Canada, for the record, played their last game of 2025 and broke a three game goalless streak with a sometimes-feisty, sometimes-anemic performance agains Venezuela. Becasue we qualify by being co-hosts, we have had a dearth of competitive fixtures since a disappointing quarter final loss in the Gold Cup in the summer, where we also drew with Curaçao. Impressive friendlies against Wales and Romania in September failed to build momentum. Last night’s win was good, but with only two windows in March and June, we have only 4 warm up matches to prepare for the World Cup.
I like soulcruzer. I found him on Mastodon, and his approach to life is to use his brain and his sense of ritual and magic to hack reality. Here are a few of his Chaos Magik practices. Have a read. Some of these are really fun little games and rituals you can play using the tools of obliquity and complex cognition.

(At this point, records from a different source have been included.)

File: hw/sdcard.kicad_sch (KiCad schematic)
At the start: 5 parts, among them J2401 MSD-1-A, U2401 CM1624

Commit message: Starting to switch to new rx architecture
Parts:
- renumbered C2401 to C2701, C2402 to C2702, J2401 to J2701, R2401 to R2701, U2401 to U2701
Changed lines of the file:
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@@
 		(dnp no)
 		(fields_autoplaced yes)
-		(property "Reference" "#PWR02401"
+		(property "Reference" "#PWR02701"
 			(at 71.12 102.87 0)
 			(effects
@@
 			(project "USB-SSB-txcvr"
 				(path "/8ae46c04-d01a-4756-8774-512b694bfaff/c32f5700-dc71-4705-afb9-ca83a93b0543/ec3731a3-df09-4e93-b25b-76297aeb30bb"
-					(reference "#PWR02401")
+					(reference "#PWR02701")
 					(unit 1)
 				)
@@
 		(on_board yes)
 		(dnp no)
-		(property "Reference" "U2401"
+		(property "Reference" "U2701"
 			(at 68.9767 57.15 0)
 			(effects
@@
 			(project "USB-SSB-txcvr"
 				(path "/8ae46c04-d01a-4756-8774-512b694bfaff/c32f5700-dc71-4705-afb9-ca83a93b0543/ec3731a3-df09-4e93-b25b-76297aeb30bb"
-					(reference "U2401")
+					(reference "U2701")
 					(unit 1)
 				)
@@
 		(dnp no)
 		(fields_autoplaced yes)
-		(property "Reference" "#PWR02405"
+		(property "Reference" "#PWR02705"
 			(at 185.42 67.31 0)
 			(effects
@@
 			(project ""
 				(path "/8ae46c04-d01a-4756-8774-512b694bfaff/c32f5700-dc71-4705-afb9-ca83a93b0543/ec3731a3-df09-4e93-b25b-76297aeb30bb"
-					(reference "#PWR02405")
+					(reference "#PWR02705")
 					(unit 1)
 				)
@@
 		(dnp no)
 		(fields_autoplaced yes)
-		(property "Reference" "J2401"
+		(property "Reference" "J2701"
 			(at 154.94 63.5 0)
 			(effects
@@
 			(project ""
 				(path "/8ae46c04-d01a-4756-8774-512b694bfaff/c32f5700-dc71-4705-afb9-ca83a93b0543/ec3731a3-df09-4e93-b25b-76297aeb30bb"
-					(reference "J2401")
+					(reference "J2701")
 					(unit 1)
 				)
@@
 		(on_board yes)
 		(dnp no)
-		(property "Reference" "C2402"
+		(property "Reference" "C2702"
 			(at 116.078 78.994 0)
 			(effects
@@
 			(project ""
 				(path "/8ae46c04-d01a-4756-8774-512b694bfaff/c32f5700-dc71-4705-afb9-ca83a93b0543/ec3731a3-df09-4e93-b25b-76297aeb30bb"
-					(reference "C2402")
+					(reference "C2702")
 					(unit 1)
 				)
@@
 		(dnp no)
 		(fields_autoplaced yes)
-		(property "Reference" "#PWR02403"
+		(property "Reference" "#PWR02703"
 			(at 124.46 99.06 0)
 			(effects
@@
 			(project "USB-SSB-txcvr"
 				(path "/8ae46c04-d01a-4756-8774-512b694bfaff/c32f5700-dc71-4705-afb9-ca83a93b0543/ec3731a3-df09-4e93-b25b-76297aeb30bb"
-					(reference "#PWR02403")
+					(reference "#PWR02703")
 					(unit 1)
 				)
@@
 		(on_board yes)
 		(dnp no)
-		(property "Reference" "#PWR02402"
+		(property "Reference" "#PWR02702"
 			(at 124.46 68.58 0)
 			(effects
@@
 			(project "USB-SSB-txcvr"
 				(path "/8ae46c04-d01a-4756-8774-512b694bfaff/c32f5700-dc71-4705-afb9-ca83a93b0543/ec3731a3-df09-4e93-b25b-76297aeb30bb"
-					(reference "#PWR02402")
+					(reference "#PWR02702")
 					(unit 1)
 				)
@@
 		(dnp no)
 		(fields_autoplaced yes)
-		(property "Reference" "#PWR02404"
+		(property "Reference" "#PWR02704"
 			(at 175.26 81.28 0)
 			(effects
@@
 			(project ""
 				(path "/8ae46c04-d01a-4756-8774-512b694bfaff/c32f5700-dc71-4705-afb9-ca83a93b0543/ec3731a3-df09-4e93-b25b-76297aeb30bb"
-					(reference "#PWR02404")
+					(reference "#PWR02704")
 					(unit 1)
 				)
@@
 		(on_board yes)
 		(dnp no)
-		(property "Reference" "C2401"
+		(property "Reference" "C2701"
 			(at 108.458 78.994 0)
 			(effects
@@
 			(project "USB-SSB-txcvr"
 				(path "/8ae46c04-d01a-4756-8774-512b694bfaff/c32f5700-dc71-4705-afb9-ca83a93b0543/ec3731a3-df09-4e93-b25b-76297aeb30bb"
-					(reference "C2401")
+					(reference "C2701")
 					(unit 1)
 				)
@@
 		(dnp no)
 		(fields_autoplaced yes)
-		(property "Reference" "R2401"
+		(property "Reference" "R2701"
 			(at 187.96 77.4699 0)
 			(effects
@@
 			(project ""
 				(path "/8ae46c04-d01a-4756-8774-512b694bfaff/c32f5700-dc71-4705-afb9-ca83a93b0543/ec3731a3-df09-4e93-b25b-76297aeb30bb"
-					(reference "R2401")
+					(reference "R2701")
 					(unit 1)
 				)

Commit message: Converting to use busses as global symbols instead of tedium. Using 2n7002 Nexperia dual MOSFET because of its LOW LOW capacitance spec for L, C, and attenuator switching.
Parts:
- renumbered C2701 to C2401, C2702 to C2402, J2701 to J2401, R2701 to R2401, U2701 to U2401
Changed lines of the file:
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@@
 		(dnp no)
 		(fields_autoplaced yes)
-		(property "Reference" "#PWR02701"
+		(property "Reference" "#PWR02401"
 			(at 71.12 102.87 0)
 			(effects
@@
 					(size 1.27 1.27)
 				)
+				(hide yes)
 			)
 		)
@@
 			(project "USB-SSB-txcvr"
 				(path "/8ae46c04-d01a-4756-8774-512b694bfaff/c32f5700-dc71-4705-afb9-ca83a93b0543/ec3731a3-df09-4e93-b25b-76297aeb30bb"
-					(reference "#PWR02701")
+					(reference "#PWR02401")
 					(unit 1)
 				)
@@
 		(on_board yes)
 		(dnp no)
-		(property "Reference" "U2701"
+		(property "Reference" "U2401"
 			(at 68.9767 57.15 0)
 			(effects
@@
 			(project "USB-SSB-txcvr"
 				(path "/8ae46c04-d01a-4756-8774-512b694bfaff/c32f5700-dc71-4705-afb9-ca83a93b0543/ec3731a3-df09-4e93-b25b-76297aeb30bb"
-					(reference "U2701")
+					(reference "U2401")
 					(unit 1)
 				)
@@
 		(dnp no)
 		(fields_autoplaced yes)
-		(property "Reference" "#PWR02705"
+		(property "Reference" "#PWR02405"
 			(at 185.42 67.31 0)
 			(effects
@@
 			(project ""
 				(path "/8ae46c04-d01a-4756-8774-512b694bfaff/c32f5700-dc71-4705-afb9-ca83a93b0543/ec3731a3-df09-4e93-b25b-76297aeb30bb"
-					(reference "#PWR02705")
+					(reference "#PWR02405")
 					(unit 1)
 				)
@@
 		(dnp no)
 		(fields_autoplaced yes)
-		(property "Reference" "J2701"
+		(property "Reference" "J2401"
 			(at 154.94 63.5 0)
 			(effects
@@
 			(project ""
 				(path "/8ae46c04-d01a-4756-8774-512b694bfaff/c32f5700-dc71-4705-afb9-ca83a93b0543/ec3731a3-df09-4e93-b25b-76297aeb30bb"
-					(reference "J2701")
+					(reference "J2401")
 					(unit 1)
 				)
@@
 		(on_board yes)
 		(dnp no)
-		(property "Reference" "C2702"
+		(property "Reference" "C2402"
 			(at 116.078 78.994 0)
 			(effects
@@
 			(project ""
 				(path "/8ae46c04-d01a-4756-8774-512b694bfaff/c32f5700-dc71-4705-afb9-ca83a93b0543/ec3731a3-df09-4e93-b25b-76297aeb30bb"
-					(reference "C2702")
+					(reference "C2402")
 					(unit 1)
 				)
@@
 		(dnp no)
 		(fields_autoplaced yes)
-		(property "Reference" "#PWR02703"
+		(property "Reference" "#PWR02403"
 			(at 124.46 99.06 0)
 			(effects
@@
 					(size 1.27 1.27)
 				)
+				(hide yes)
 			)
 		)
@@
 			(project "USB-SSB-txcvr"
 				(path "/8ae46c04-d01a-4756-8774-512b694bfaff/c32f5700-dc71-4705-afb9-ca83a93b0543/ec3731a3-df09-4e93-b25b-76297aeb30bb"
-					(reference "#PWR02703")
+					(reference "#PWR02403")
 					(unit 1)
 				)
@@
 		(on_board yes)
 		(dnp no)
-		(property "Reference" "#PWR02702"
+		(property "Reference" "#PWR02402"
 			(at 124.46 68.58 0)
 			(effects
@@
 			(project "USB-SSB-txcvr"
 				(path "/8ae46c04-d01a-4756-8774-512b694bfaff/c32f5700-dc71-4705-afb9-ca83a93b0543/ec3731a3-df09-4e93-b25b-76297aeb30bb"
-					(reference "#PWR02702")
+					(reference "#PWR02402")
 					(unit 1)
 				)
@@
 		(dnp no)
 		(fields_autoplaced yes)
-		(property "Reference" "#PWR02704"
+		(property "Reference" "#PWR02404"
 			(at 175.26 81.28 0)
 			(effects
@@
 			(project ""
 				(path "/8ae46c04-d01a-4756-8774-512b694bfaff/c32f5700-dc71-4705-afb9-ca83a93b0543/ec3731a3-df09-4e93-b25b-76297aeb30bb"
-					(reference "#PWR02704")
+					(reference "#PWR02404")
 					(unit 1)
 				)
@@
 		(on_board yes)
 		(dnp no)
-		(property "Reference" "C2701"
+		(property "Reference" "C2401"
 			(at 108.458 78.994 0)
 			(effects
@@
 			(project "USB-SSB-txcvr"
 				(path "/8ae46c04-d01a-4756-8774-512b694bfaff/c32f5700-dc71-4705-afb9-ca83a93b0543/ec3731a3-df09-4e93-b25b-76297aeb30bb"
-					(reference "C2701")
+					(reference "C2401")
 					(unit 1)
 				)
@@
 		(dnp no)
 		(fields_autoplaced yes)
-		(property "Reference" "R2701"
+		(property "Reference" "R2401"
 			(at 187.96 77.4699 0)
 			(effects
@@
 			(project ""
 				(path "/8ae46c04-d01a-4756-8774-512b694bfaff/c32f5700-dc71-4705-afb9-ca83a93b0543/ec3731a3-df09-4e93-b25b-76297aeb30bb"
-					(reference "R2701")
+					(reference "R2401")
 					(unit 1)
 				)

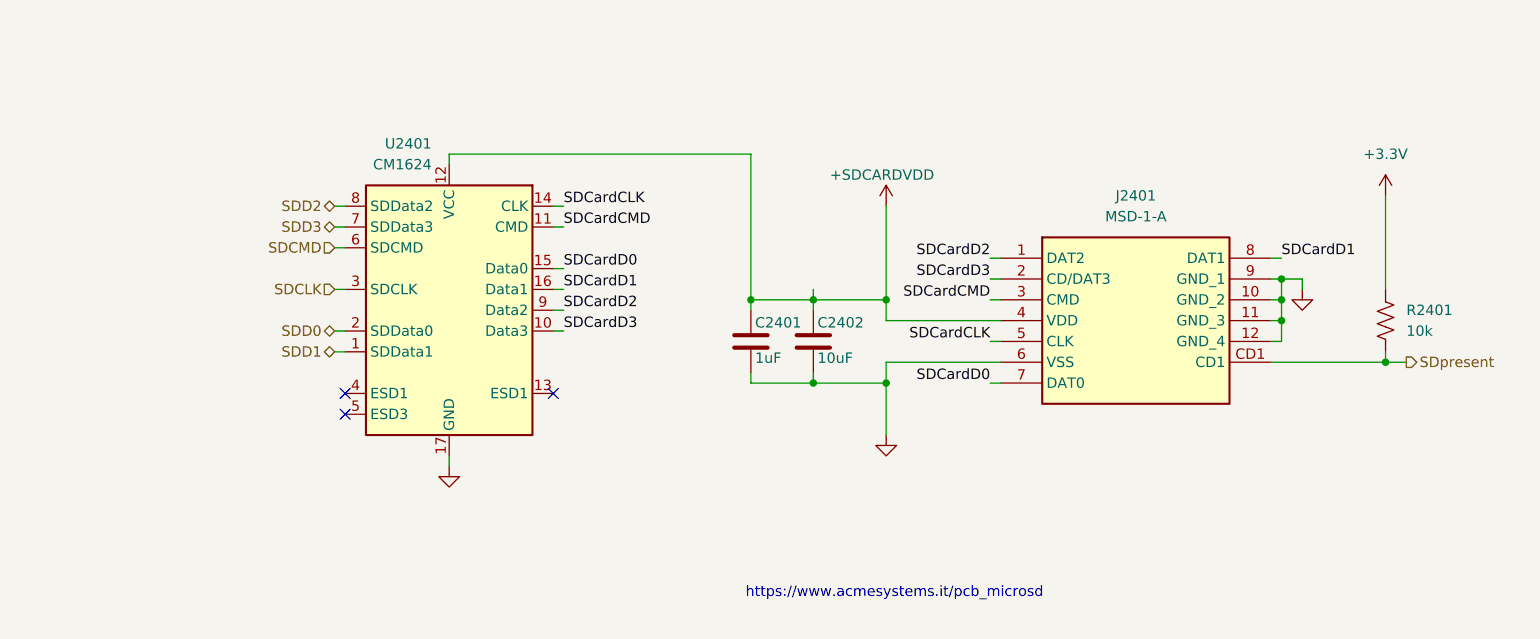
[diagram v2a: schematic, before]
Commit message: Added SD card ESD zap
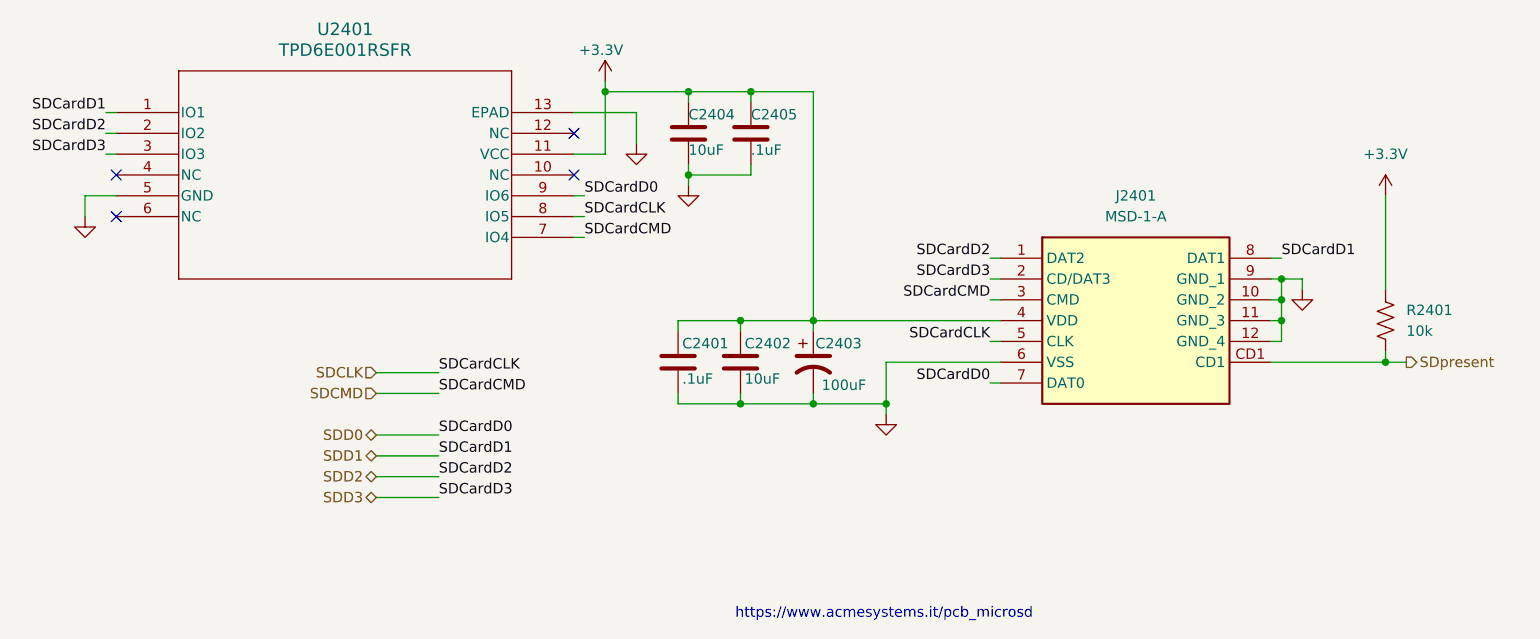
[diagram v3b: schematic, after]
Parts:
- removed U2401: CM1624, Package_DFN_QFN:OnSemi_UDFN-16-1EP_1.35x3.3mm_P0.4mm_EP0.4x2.8mm, symbol Power_Protection:CM1624
- added C2403: 100uF, symbol Device:C_Polarized_US
- added C2404: 10uF, Capacitor_SMD:C_0805_2012Metric, symbol Device:C
- added C2405: .1uF, Capacitor_SMD:C_0805_2012Metric, symbol Device:C
- added U2401: TPD6E001RSFR, RSF12_2P1X2P1, symbol TPD6E001RSFR:TPD6E001RSFR
- C2401: value 1uF -> .1uF
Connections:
- net +SDCARDVDD is gone; now on net +3.3V: C2401.1, C2402.1, J2401.4 (VDD)
- net SDCardCLK is gone; now on net SDCLK: J2401.5 (CLK)
- net SDCardCMD is gone; now on net SDCMD: J2401.3 (CMD)
- net SDCardD0 is gone; now on net SDD0: J2401.7 (DAT0)
- net SDCardD1 is gone; now on net SDD1: J2401.8 (DAT1)
- net SDCardD2 is gone; now on net SDD2: J2401.1 (DAT2)
- net SDCardD3 is gone; now on net SDD3: J2401.2 (CD/DAT3)
- net +3.3V: now also C2403.1, C2404.1, C2405.1, U2401.11 (VCC)
- net GND: now also C2403.2, C2404.2, C2405.2, U2401.13 (EPAD), U2401.5 (GND)
- net SDCLK: now also U2401.8 (IO5)
- net SDCMD: now also U2401.7 (IO4)
- net SDD0: now also U2401.9 (IO6)
- net SDD1: now also U2401.1 (IO1)
- net SDD2: now also U2401.2 (IO2)
- net SDD3: now also U2401.3 (IO3)
- no-connect marks 3 -> 4
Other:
- moved on the sheet: C2401, C2402

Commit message: Moved ant page into tx page, added Bruene Direction Coupler to measure VSWR. General cleanup, page renumber, reannote
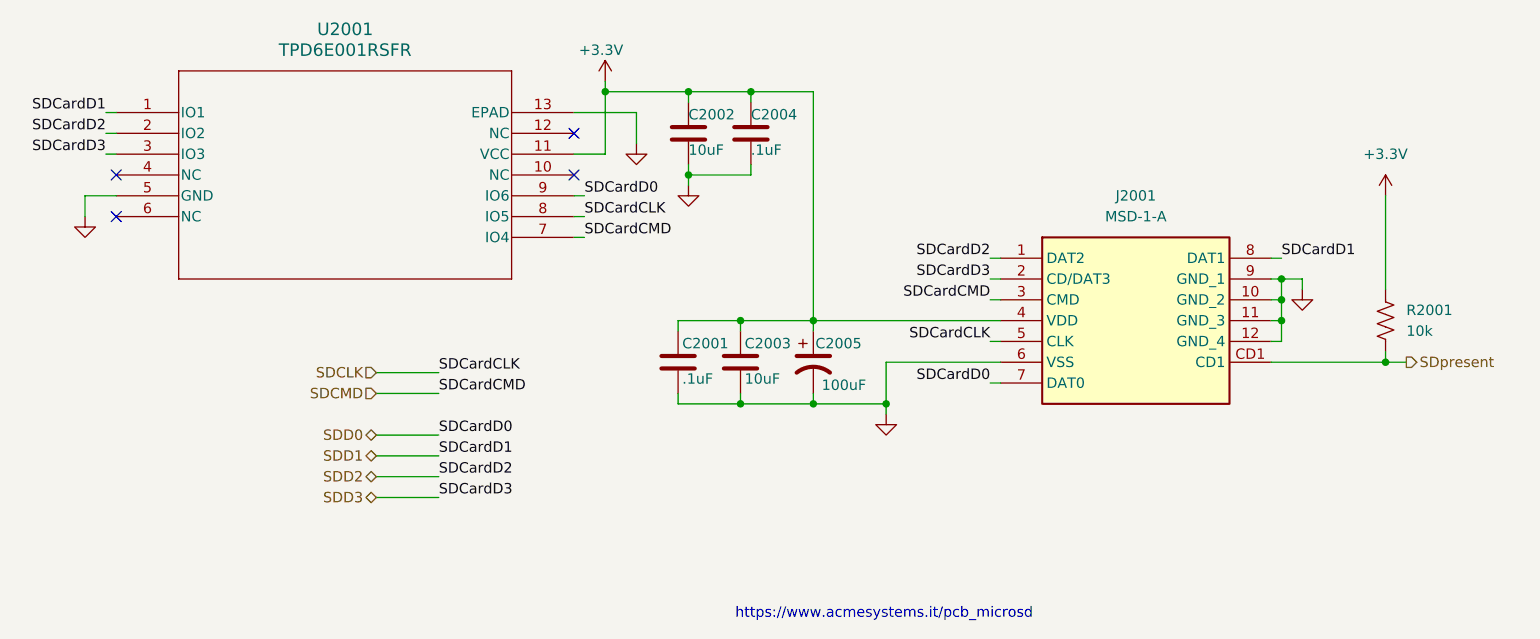
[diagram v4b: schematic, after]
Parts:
- renumbered C2401 to C2001, C2404 to C2002, C2402 to C2003, C2405 to C2004, C2403 to C2005, J2401 to J2001, R2401 to R2001, U2401 to U2001
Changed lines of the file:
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@@
 		(dnp no)
 		(fields_autoplaced yes)
-		(property "Reference" "#PWR02401"
+		(property "Reference" "#PWR02001"
 			(at 26.67 72.39 0)
 			(effects
@@
 			(project "USB-SSB-txcvr"
 				(path "/8ae46c04-d01a-4756-8774-512b694bfaff/c32f5700-dc71-4705-afb9-ca83a93b0543/ec3731a3-df09-4e93-b25b-76297aeb30bb"
-					(reference "#PWR02401")
+					(reference "#PWR02001")
 					(unit 1)
 				)
@@
 		(dnp no)
 		(fields_autoplaced yes)
-		(property "Reference" "#PWR02405"
+		(property "Reference" "#PWR02007"
 			(at 185.42 67.31 0)
 			(effects
@@
 			(project ""
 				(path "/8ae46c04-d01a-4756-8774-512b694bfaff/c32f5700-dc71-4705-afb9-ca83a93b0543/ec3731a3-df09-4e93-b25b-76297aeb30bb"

Yesterday Rowen Simonsen and I filmed a little conversation about AI in facilitation practice and perhaps inspired a bit by soulcruzer’s reality hacking, I suggested that AI, specifically LLMs can be a fabulous obliquity engine to help individuals and groups crack their pattern entrainment, much the way we can use art, poetry and music to create surprising associations in our mind. Use LLMs to stimulate your brain’s own meaning-making capabilities. Perhaps we can use LLMs as a way to introduce obliquity into deliberations (give me ten questions about this subject that might be asked by a river watching us work). This is the kind of thing that LLM AI might be best for in the world of sense-making and dialogue: generating nonsense that stimulates human brains to make unlikely connections. We could also use card decks, I Ching divination, coin flips and the like to introduce randomness that forces brains to get to work. Like all “oracles” though, if you believe that the tool has an answer informed by some kind of intelligence, you are more culpable for hallucinations that your LLM partner. Oracles are best used to force your own eyes to see what is really going on with you. The interview is part of a series that are being used for Beehive Productions’ current course on Hosting at the Edge of our Humanity.